First, let’s clarify that “virtualizing data” means putting in the cloud or elsewhere in order to eliminate some of the hassles of its existence and maintenance. That has nothing to do with data virtualization, which is a term that I believe is still evolving.

Data Virtualization, according to Rick van der Lans, who literally wrote the book, is “the technology that offers data consumers a unified, abstracted, and encapsulated view for querying and manipulating data stored in a heterogeneous set of data stores.**”  

As the discipline matures, he is expanding his view, as in his new white paper, Creating an AgileData Integration Platform Using Data Virtualization. Definitely recommended reading. 

The “unified, abstracted, and encapsulated view,” from his original definition is the core concept, in my opinion, of data virtualization. In other words, there is a mechanism to bring together, or “federate,” virtually, data from many sources in a way that is useful. This means that the data is federated without creating a physical or cached staging database, but is aligned, transformed, and made available for use. So, for example, you may have a SharePoint BCS application that needs data from SAP, Oracle, and Salesforce.com. Data virtualization will provide a mechanism to merge all of the data into the form necessary for the end user’s interaction in SharePoint. The data is federated “on the fly” and delivered virtually to a web page, on-demand upon refresh of the screen. Think about the security of the backend data that has been accessed…it never actually moves from its original source! Data virtualization also includes writeback to the sources (with end user security, but that’s for another blog) so that an end user can, for example correct his phone number or address, sending it as an update directly to the backend source. )See more examples at http://tinyurl.com/a3wkffc)

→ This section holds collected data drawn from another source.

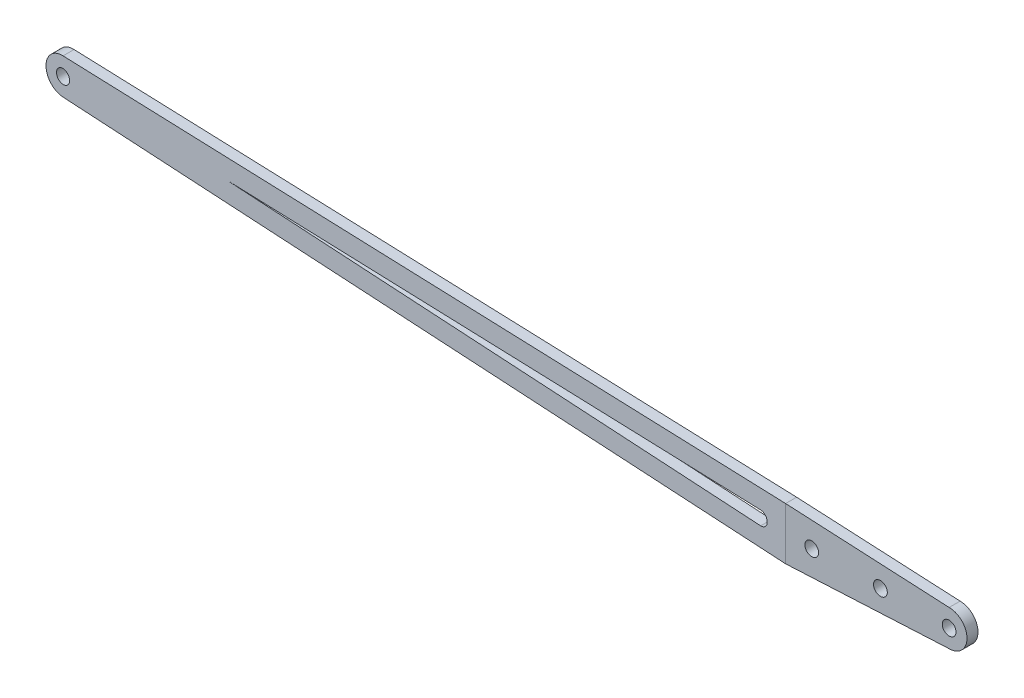
ISO-10303-21;
HEADER;
FILE_DESCRIPTION(('STEP AP214'),'2;1');
FILE_NAME('part.step','',(''),(''),'','','');
FILE_SCHEMA(('AUTOMOTIVE_DESIGN { 1 0 10303 214 1 1 1 1 }'));
ENDSEC;
DATA;
#1=APPLICATION_CONTEXT('core data for automotive mechanical design processes');
#2=APPLICATION_PROTOCOL_DEFINITION('international standard','automotive_design',2000,#1);
#3=PRODUCT_CONTEXT('',#1,'mechanical');
#4=PRODUCT('Part','Part','',(#3));
#5=PRODUCT_RELATED_PRODUCT_CATEGORY('part','',(#4));
#6=PRODUCT_DEFINITION_FORMATION('','',#4);
#7=PRODUCT_DEFINITION_CONTEXT('part definition',#1,'design');
#8=PRODUCT_DEFINITION('design','',#6,#7);
#9=PRODUCT_DEFINITION_SHAPE('','',#8);
#10=(LENGTH_UNIT() NAMED_UNIT(*) SI_UNIT(.MILLI.,.METRE.));
#11=(NAMED_UNIT(*) PLANE_ANGLE_UNIT() SI_UNIT($,.RADIAN.));
#12=(NAMED_UNIT(*) SI_UNIT($,.STERADIAN.) SOLID_ANGLE_UNIT());
#13=UNCERTAINTY_MEASURE_WITH_UNIT(LENGTH_MEASURE(1.E-05),#10,'distance_accuracy_value','');
#14=(GEOMETRIC_REPRESENTATION_CONTEXT(3) GLOBAL_UNCERTAINTY_ASSIGNED_CONTEXT((#13)) GLOBAL_UNIT_ASSIGNED_CONTEXT((#10,
#11,#12)) REPRESENTATION_CONTEXT('',''));
#15=CARTESIAN_POINT('',(0.,0.,0.));
#16=DIRECTION('',(0.,0.,1.));
#17=DIRECTION('',(1.,0.,0.));
#18=AXIS2_PLACEMENT_3D('',#15,#16,#17);
#19=CARTESIAN_POINT('',(0.0447099101226533,19.,-0.976698013369607));
#20=DIRECTION('',(-0.0457287086389354,0.,0.998953895435728));
#21=DIRECTION('',(0.998953895435728,0.,0.0457287086389354));
#22=AXIS2_PLACEMENT_3D('',#19,#20,#21);
#23=PLANE('',#22);
#24=DIRECTION('',(0.998878679740043,0.0122712368518434,0.0457252655204403));
#25=VECTOR('',#24,1.);
#26=CARTESIAN_POINT('',(0.119136479948843,12.9289820206382,-0.973291018370011));
#27=LINE('',#26,#25);
#28=CARTESIAN_POINT('',(-279.,9.5,-13.750414893617));
#29=VERTEX_POINT('',#28);
#30=CARTESIAN_POINT('',(-75.5,12.,-4.43487765957447));
#31=VERTEX_POINT('',#30);
#32=EDGE_CURVE('E423',#29,#31,#27,.T.);
#33=ORIENTED_EDGE('',*,*,#32,.F.);
#34=DIRECTION('',(-0.998878679740043,0.0122712368518431,-0.0457252655204403));
#35=VECTOR('',#34,1.);
#36=CARTESIAN_POINT('',(-0.113755580492739,6.07387906118547,-0.983952024072991));
#37=LINE('',#36,#35);
#38=CARTESIAN_POINT('',(-75.5,7.00000000000004,-4.43487765957447));
#39=VERTEX_POINT('',#38);
#40=EDGE_CURVE('E418',#39,#29,#37,.T.);
#41=ORIENTED_EDGE('',*,*,#40,.F.);
#42=CARTESIAN_POINT('',(-75.5,9.50000000000004,-4.43487765957447));
#43=DIRECTION('',(-0.0457287086389354,0.,0.998953895435728));
#44=DIRECTION('',(0.998953895435728,0.,0.0457287086389354));
#45=AXIS2_PLACEMENT_3D('',#42,#43,#44);
#46=ELLIPSE('',#45,2.50261800011254,2.5);
#47=EDGE_CURVE('E420',#39,#31,#46,.T.);
#48=ORIENTED_EDGE('',*,*,#47,.T.);
#49=EDGE_LOOP('',(#33,#41,#48));
#50=FACE_BOUND('',#49,.T.);
#51=CARTESIAN_POINT('',(-341.5,9.5,-16.6114521276595));
#52=DIRECTION('',(-0.0457287086389354,0.,0.998953895435728));
#53=DIRECTION('',(0.998953895435728,0.,0.0457287086389354));
#54=AXIS2_PLACEMENT_3D('',#51,#52,#53);
#55=ELLIPSE('',#54,2.50261800011257,2.50000000000002);
#56=CARTESIAN_POINT('',(-339.,9.5,-16.4970106382978));
#57=VERTEX_POINT('',#56);
#58=EDGE_CURVE('E415',#57,#57,#55,.T.);
#59=ORIENTED_EDGE('',*,*,#58,.T.);
#60=EDGE_LOOP('',(#59));
#61=FACE_BOUND('',#60,.T.);
#62=CARTESIAN_POINT('',(-341.5,9.5,-16.6114521276595));
#63=DIRECTION('',(-0.0457287086389354,0.,0.998953895435728));
#64=DIRECTION('',(0.998953895435728,0.,0.0457287086389354));
#65=AXIS2_PLACEMENT_3D('',#62,#63,#64);
#66=ELLIPSE('',#65,6.50680680029264,6.50000000000002);
#67=CARTESIAN_POINT('',(-341.5,16.,-16.6114521276595));
#68=VERTEX_POINT('',#67);
#69=CARTESIAN_POINT('',(-341.5,2.99999999999999,-16.6114521276595));
#70=VERTEX_POINT('',#69);
#71=EDGE_CURVE('E338',#68,#70,#66,.T.);
#72=ORIENTED_EDGE('',*,*,#71,.F.);
#73=DIRECTION('',(0.998894798208926,0.0108772573307686,0.0457260033690744));
#74=VECTOR('',#73,1.);
#75=CARTESIAN_POINT('',(0.036895848297217,19.7190950546094,-0.977055714518914));
#76=LINE('',#75,#74);
#77=CARTESIAN_POINT('',(-66.,19.,-4.));
#78=VERTEX_POINT('',#77);
#79=EDGE_CURVE('E341',#68,#78,#76,.T.);
#80=ORIENTED_EDGE('',*,*,#79,.T.);
#81=DIRECTION('',(0.,-1.,0.));
#82=VECTOR('',#81,1.);
#83=CARTESIAN_POINT('',(-66.,19.,-4.));
#84=LINE('',#83,#82);
#85=CARTESIAN_POINT('',(-66.,0.,-4.));
#86=VERTEX_POINT('',#85);
#87=EDGE_CURVE('E428',#78,#86,#84,.T.);
#88=ORIENTED_EDGE('',*,*,#87,.T.);
#89=DIRECTION('',(-0.998894798208926,0.0108772573307687,-0.0457260033690744));
#90=VECTOR('',#89,1.);
#91=CARTESIAN_POINT('',(-0.169543631265993,-0.716847074795648,-0.986505811120622));
#92=LINE('',#91,#90);
#93=EDGE_CURVE('E344',#86,#70,#92,.T.);
#94=ORIENTED_EDGE('',*,*,#93,.T.);
#95=EDGE_LOOP('',(#72,#80,#88,#94));
#96=FACE_BOUND('',#95,.T.);
#97=ADVANCED_FACE('F268',(#50,#61,#96),#23,.F.);
#98=CARTESIAN_POINT('',(-0.138013576389787,19.,3.01493752745526));
#99=DIRECTION('',(-0.0457287086389354,0.,0.998953895435728));
#100=DIRECTION('',(0.998953895435728,0.,0.0457287086389354));
#101=AXIS2_PLACEMENT_3D('',#98,#99,#100);
#102=PLANE('',#101);
#103=CARTESIAN_POINT('',(-341.5,9.5,-12.6114521276595));
#104=DIRECTION('',(-0.0457287086389354,0.,0.998953895435728));
#105=DIRECTION('',(0.998953895435728,0.,0.0457287086389354));
#106=AXIS2_PLACEMENT_3D('',#103,#104,#105);
#107=ELLIPSE('',#106,2.50261800011257,2.50000000000002);
#108=CARTESIAN_POINT('',(-339.,9.5,-12.4970106382978));
#109=VERTEX_POINT('',#108);
#110=EDGE_CURVE('E349',#109,#109,#107,.T.);
#111=ORIENTED_EDGE('',*,*,#110,.F.);
#112=EDGE_LOOP('',(#111));
#113=FACE_BOUND('',#112,.T.);
#114=DIRECTION('',(-0.998878679740043,0.0122712368518431,-0.0457252655204404));
#115=VECTOR('',#114,1.);
#116=CARTESIAN_POINT('',(-0.296451551908021,6.07612348343873,3.00768477629936));
#117=LINE('',#116,#115);
#118=CARTESIAN_POINT('',(-75.5,7.00000000000004,-0.434877659574454));
#119=VERTEX_POINT('',#118);
#120=CARTESIAN_POINT('',(-279.,9.5,-9.75041489361698));
#121=VERTEX_POINT('',#120);
#122=EDGE_CURVE('E434',#119,#121,#117,.T.);
#123=ORIENTED_EDGE('',*,*,#122,.T.);
#124=DIRECTION('',(0.998878679740043,0.0122712368518434,0.0457252655204404));
#125=VECTOR('',#124,1.);
#126=CARTESIAN_POINT('',(-0.0635594914664387,12.926737598385,3.01834578200234));
#127=LINE('',#126,#125);
#128=CARTESIAN_POINT('',(-75.5,12.,-0.434877659574458));
#129=VERTEX_POINT('',#128);
#130=EDGE_CURVE('E12',#121,#129,#127,.T.);
#131=ORIENTED_EDGE('',*,*,#130,.T.);
#132=CARTESIAN_POINT('',(-75.5,9.50000000000004,-0.434877659574458));
#133=DIRECTION('',(-0.0457287086389354,0.,0.998953895435728));
#134=DIRECTION('',(0.998953895435728,0.,0.0457287086389354));
#135=AXIS2_PLACEMENT_3D('',#132,#133,#134);
#136=ELLIPSE('',#135,2.50261800011254,2.5);
#137=EDGE_CURVE('E276',#119,#129,#136,.T.);
#138=ORIENTED_EDGE('',*,*,#137,.F.);
#139=EDGE_LOOP('',(#123,#131,#138));
#140=FACE_BOUND('',#139,.T.);
#141=DIRECTION('',(0.998894798208926,0.0108772573307686,0.0457260033690745));
#142=VECTOR('',#141,1.);
#143=CARTESIAN_POINT('',(-0.145806019335793,19.717105560588,3.01458081594466));
#144=LINE('',#143,#142);
#145=CARTESIAN_POINT('',(-341.5,16.,-12.6114521276595));
#146=VERTEX_POINT('',#145);
#147=CARTESIAN_POINT('',(-66.,19.,0.));
#148=VERTEX_POINT('',#147);
#149=EDGE_CURVE('E360',#146,#148,#144,.T.);
#150=ORIENTED_EDGE('',*,*,#149,.F.);
#151=CARTESIAN_POINT('',(-341.5,9.5,-12.6114521276595));
#152=DIRECTION('',(-0.0457287086389354,0.,0.998953895435728));
#153=DIRECTION('',(0.998953895435728,0.,0.0457287086389354));
#154=AXIS2_PLACEMENT_3D('',#151,#152,#153);
#155=ELLIPSE('',#154,6.50680680029264,6.50000000000002);
#156=CARTESIAN_POINT('',(-341.5,2.99999999999999,-12.6114521276595));
#157=VERTEX_POINT('',#156);
#158=EDGE_CURVE('E364',#146,#157,#155,.T.);
#159=ORIENTED_EDGE('',*,*,#158,.T.);
#160=DIRECTION('',(-0.998894798208926,0.0108772573307687,-0.0457260033690745));
#161=VECTOR('',#160,1.);
#162=CARTESIAN_POINT('',(-0.352245498899002,-0.714857580774234,3.00513071934295));
#163=LINE('',#162,#161);
#164=CARTESIAN_POINT('',(-66.,0.,0.));
#165=VERTEX_POINT('',#164);
#166=EDGE_CURVE('E408',#165,#157,#163,.T.);
#167=ORIENTED_EDGE('',*,*,#166,.F.);
#168=DIRECTION('',(0.,-1.,0.));
#169=VECTOR('',#168,1.);
#170=CARTESIAN_POINT('',(-66.,19.,0.));
#171=LINE('',#170,#169);
#172=EDGE_CURVE('E425',#148,#165,#171,.T.);
#173=ORIENTED_EDGE('',*,*,#172,.F.);
#174=EDGE_LOOP('',(#150,#159,#167,#173));
#175=FACE_BOUND('',#174,.T.);
#176=ADVANCED_FACE('F446',(#113,#140,#175),#102,.T.);
#177=CARTESIAN_POINT('',(0.,19.,-4.));
#178=DIRECTION('',(0.,0.,-1.));
#179=DIRECTION('',(-1.,0.,0.));
#180=AXIS2_PLACEMENT_3D('',#177,#178,#179);
#181=PLANE('',#180);
#182=CARTESIAN_POINT('',(-56.5,9.49999999999999,-4.));
#183=DIRECTION('',(0.,0.,-1.));
#184=DIRECTION('',(-1.,0.,0.));
#185=AXIS2_PLACEMENT_3D('',#182,#183,#184);
#186=CIRCLE('',#185,2.49999999999999);
#187=CARTESIAN_POINT('',(-59.,9.49999999999999,-4.));
#188=VERTEX_POINT('',#187);
#189=EDGE_CURVE('E390',#188,#188,#186,.T.);
#190=ORIENTED_EDGE('',*,*,#189,.F.);
#191=EDGE_LOOP('',(#190));
#192=FACE_BOUND('',#191,.T.);
#193=CARTESIAN_POINT('',(-31.5,9.5,-4.));
#194=DIRECTION('',(0.,0.,-1.));
#195=DIRECTION('',(-1.,0.,0.));
#196=AXIS2_PLACEMENT_3D('',#193,#194,#195);
#197=CIRCLE('',#196,2.49999999999999);
#198=CARTESIAN_POINT('',(-34.,9.5,-4.));
#199=VERTEX_POINT('',#198);
#200=EDGE_CURVE('E387',#199,#199,#197,.T.);
#201=ORIENTED_EDGE('',*,*,#200,.F.);
#202=EDGE_LOOP('',(#201));
#203=FACE_BOUND('',#202,.T.);
#204=CARTESIAN_POINT('',(-6.5,9.5,-4.));
#205=DIRECTION('',(0.,0.,-1.));
#206=DIRECTION('',(-1.,0.,0.));
#207=AXIS2_PLACEMENT_3D('',#204,#205,#206);
#208=CIRCLE('',#207,2.5);
#209=CARTESIAN_POINT('',(-9.,9.5,-4.));
#210=VERTEX_POINT('',#209);
#211=EDGE_CURVE('E384',#210,#210,#208,.T.);
#212=ORIENTED_EDGE('',*,*,#211,.F.);
#213=EDGE_LOOP('',(#212));
#214=FACE_BOUND('',#213,.T.);
#215=CARTESIAN_POINT('',(-6.5,9.5,-4.));
#216=DIRECTION('',(0.,0.,-1.));
#217=DIRECTION('',(-1.,0.,0.));
#218=AXIS2_PLACEMENT_3D('',#215,#216,#217);
#219=CIRCLE('',#218,6.5);
#220=CARTESIAN_POINT('',(-6.5,16.,-4.));
#221=VERTEX_POINT('',#220);
#222=CARTESIAN_POINT('',(-6.5,3.,-4.));
#223=VERTEX_POINT('',#222);
#224=EDGE_CURVE('E350',#221,#223,#219,.T.);
#225=ORIENTED_EDGE('',*,*,#224,.T.);
#226=DIRECTION('',(0.998731321733328,0.0503562010957981,0.));
#227=VECTOR('',#226,1.);
#228=CARTESIAN_POINT('',(0.788194689018808,3.367472001127,-4.));
#229=LINE('',#228,#227);
#230=EDGE_CURVE('E381',#86,#223,#229,.T.);
#231=ORIENTED_EDGE('',*,*,#230,.F.);
#232=ORIENTED_EDGE('',*,*,#87,.F.);
#233=DIRECTION('',(0.998731321733328,-0.050356201095798,0.));
#234=VECTOR('',#233,1.);
#235=CARTESIAN_POINT('',(-0.16735930126083,15.6807071916602,-4.));
#236=LINE('',#235,#234);
#237=EDGE_CURVE('E411',#78,#221,#236,.T.);
#238=ORIENTED_EDGE('',*,*,#237,.T.);
#239=EDGE_LOOP('',(#225,#231,#232,#238));
#240=FACE_BOUND('',#239,.T.);
#241=ADVANCED_FACE('F270',(#192,#203,#214,#240),#181,.T.);
#242=CARTESIAN_POINT('',(0.,19.,0.));
#243=DIRECTION('',(0.,0.,1.));
#244=DIRECTION('',(1.,0.,0.));
#245=AXIS2_PLACEMENT_3D('',#242,#243,#244);
#246=PLANE('',#245);
#247=CARTESIAN_POINT('',(-56.5,9.49999999999999,0.));
#248=DIRECTION('',(0.,0.,1.));
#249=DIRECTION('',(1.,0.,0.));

You can see that this description expands the definition to include any sources, not just data stores, although the focus of most data virtualization products is BI, in which case, that limitation it makes sense. The BI view of using data virtualization usually is with respect to federating relational databases for the sole purpose of querying. The tools that were designed assuming that constraint have some difficulty accommodating the expanding definition. 

In addition to evolving from federating data stores to federating any kinds of disparate sources, data virtualization is shedding the concept of “on-demand” only. Now federated data is not just available by web services, ado.net, ODBC, JDBC, etc, but for any type of data integration, such as ETL, EAI, etc. 

In fact, it is the “data virtualization” concept of federation that becomes the kingpin for “Convergence,” as Gartner is wont to say, of all integration modalities in a single toolset, sharing metadata and business rules across all. 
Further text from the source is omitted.